There have been many concerns in recent years for the future of America’s pastime. Games drag on often with little excitement, and scoring is minimal. With the current era of obsession for explosive, highlight reel plays, the MLB is outmatched by other leagues. The MLB strictly limits the spread of highlights and game clips by social media accounts not affiliated with the MLB, a particularly puzzling policy. The average, casual sports fan is watching less baseball, but ratings for local teams remain strong.
The narrative that baseball is on the decline certainly has some truth to it, but the MLB is still thriving. The average MLB team generated over $300 million in revenue and the MLB ranked second in the world in total revenue amongst all sports leagues.
While youth soccer and football participation dropped from 2013 to 2018, youth baseball and softball participation increased by nearly 3 million kids over the same stretch. While it is less mainstream than the other sports, baseball has a very tight-knit community of millions of people. Yes, attendance is down and TV ratings don’t compare to that of other leagues, but the MLB is still here and making money.
The NBA is in a solid place right now financially. Revenue and player salaries have been ever increasing since 2000. David Stern deserves a lot of credit for transforming the NBA into what it is now.
When Stern took over in 1984, the NBA was a struggling organization with just 23 teams and little national interest. After Stern stepped down in 2014 and Adam Silver took over, the NBA was generating $5 billion annually with 30 teams and more international interest than any other American sports league.
A few concerns arise, however. NBA Finals ratings were down in 2019, and no Finals series in the 21st century has reached the level of viewership drawn by Jordan and the Bulls in the 1990s. Scheduling issues have also created the issue of load management for star players.
The NBA is the only league where star players will sit out primetime games to manage their bodies. Fans come to see their favorite players play, and nobody wants to spend hundreds of dollars to watch a Bucks-Clippers game without Giannis Antetokounmpo or Kawhi Leonard.
One thing the NBA does excel in is intangibles. It is unique in its buzzer beaters, circus shots, and ruthless posterizations, to name a few. All-Star Weekend was a huge success and somewhat revived the Dunk Contest. The structure of the salary cap and player deals has had more success than any other league, and the offseason is short and drama-filled. It’s hard not to be a well-liked league when you have Kevin Harlan calling games for 7+ months.
For the casual sports fan, the NHL is like a cousin who you only see once or twice a year and aren’t too close with. Most casual fans can’t name more than 2 NHL players or 10 teams.
The NHL definitely has strong roots in Canada and hardcore fans in the USA, but hockey has never been that mainstream in America. I can personally admit that I only watch Blackhawks playoff hockey and that I could not name any of the last 5 MVPs.

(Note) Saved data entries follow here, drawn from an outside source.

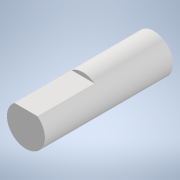
# Autodesk Inventor part: motor_shaft
Saved by Autodesk Inventor 2020 (Build 240168000, 168)
## iProperties
Created: 2020-07-27
Part Number: motor_shaft
Material: Generic
Document SubType Name: Modeling
Designer: Ashiqrahman
Density: 1 g/cm^3
Appearance: Default
Author: Ashiqrahman
Autodesk Inventor part; units mm, degrees
ref_plane "YZ Plane" through (0, 0, 0) normal (1, 0, 0) x (0, 1, 0)
ref_plane "XZ Plane" through (0, 0, 0) normal (0, 1, 0) x (-1, 0, 0)
ref_plane "XY Plane" through (0, 0, 0) normal (0, 0, 1) x (1, 0, 0)
sketch "Sketch1" plane through (0, 0, 0) normal (0, 0, 1) x (1, 0, 0)
  circle A0 centre (0, 0) radius 4
  dimension "d0" = 8
  constraints: 1 centre point, 1 coincident
  measures "d0" diameter of A0
extrude "Extrusion1" add sketch "Sketch1" along normal blind 27
sketch "Sketch2" plane through (0, 0, 27) normal (0, 0, 1) x (1, 0, 0)
  circle A0 centre (0, 0) radius 4 projected
  circle A1 centre (0, 0) radius 4 projected
  line L0 (-2.433, 3.175) -> (2.433, 3.175)
  constraints: 2 end point, 2 point on circle, 1 horizontal
extrude "Extrusion2" cut sketch "Sketch2" against normal blind 12 contours L0 A0 picked at (-0.563, 3.3253)
body "Solid1"
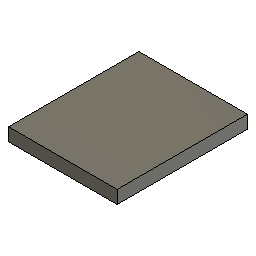
HackDeck (Autodesk Fusion 360 archive; units mm, degrees)
design "605060 LiPo Battery"
Autodesk Fusion 360 part; units mm, degrees
sketch "Sketch1" plane through (0, 0, 0) normal (0, 1, 0) x (1, 0, 0)
  line L0 (25, 30) -> (-25, 30)
  line L1 (-25, 30) -> (-25, -30)
  line L2 (-25, -30) -> (25, -30)
  line L3 (25, -30) -> (25, 30)
  line L4 (25, 30) -> (-25, -30) construction
  line L5 (-25, 30) -> (25, -30) construction
  dimension "d1" = 50
  dimension "d2" = 60
  constraint horizontal L0
  constraint perpendicular L0 L1
  constraint parallel L0 L2
  constraint parallel L1 L3
  constraint coincident L4 origin
  constraint coincident L5 origin
  measures "d1" distance of L1.end L2.end
  measures "d2" distance of L0.end L1.end
extrude "Extrude1" add sketch "Sketch1" along normal blind 6

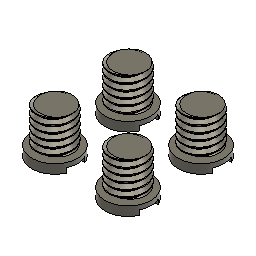
design "Screws"
Autodesk Fusion 360 part; units mm, degrees
sketch "Sketch1" plane through (0, 0, 0) normal (0, 1, 0) x (1, 0, 0)
  circle A0 centre (0, 0) radius 1.6215
  circle A1 centre (0, 0) radius 2.5
  dimension "d1" = 3.243
  dimension "d2" = 5
  constraint coincident A0.centre A1.centre
  constraint concentric A0 A1
  measures "d1" diameter of A0
  measures "d2" diameter of A1
extrude "Extrude1" add sketch "Sketch1" along normal blind 5 contours A0 makes body 1
extrude "Extrude2" add sketch "Sketch1" along normal blind 1 bodies 1
thread "Thread1" "ISO Metric profile 4.0 M4x0.7 M4x0.7 6g" major diameter 3.908 minor diameter 3.111 pitch 0.7 angle 60 modelled right hand crest width 0.1017 on face at (1.6134, 2.3333, 0.1614) crest through (1.954, 0.825, 0) on bodies 1
sketch "Sketch2" plane through (0, 0, 0) normal (0, 1, 0) x (1, 0, 0)
  line L0 (2.9915, 1) -> (-2.9915, 1)
  line L1 (-2.9915, 1) -> (-2.9915, -1)
  line L2 (-2.9915, -1) -> (2.9915, -1)
  line L3 (2.9915, -1) -> (2.9915, 1)
  line L4 (2.9915, 1) -> (-2.9915, -1) construction
  line L5 (-2.9915, 1) -> (2.9915, -1) construction
  dimension "d9" = 2
  constraint horizontal L0
  constraint perpendicular L0 L1
  constraint parallel L0 L2
  constraint parallel L1 L3
  constraint coincident L4 origin
  constraint coincident L5 origin
  measures "d9" distance of L0.end L1.end
extrude "Extrude3" cut sketch "Sketch2" along normal blind 0.5 bodies 1
copy_body "CopyPasteBodies3" bodies 1 makes body 2
move_body "Move3" bodies 2 to x (1, 0, 0) y (0, 1, 0) z (0, 0, 1) at (0, 0, -8)
copy_body "CopyPasteBodies4" bodies 2 1 makes body 3 makes body 4
move_body "Move4" bodies 3 4 to x (1, 0, 0) y (0, 1, 0) z (0, 0, 1) at (8, 0, 0)

A huge part of the reason fans attend hockey games and watch on TV is the on-ice fights. NHL attendance hasn’t been declining too sharply, but fights have. Of the ten seasons from 2000-2010, seven averaged at least 0.50 fights per game. In the 2018-19 season, that number dropped to 0.18 per game.
A decline in regular season game viewership can possibly be attributed to the lack of fights. 2020’s Winter Classic game was the first of such games to attract less than 2 million viewers since the annual event started in 2008, but the 2019 Stanley Cup had solid viewing numbers. You might not be hearing much about the NHL, but there is little worry in the hockey community. As long as Canada is here, the NHL will be just fine.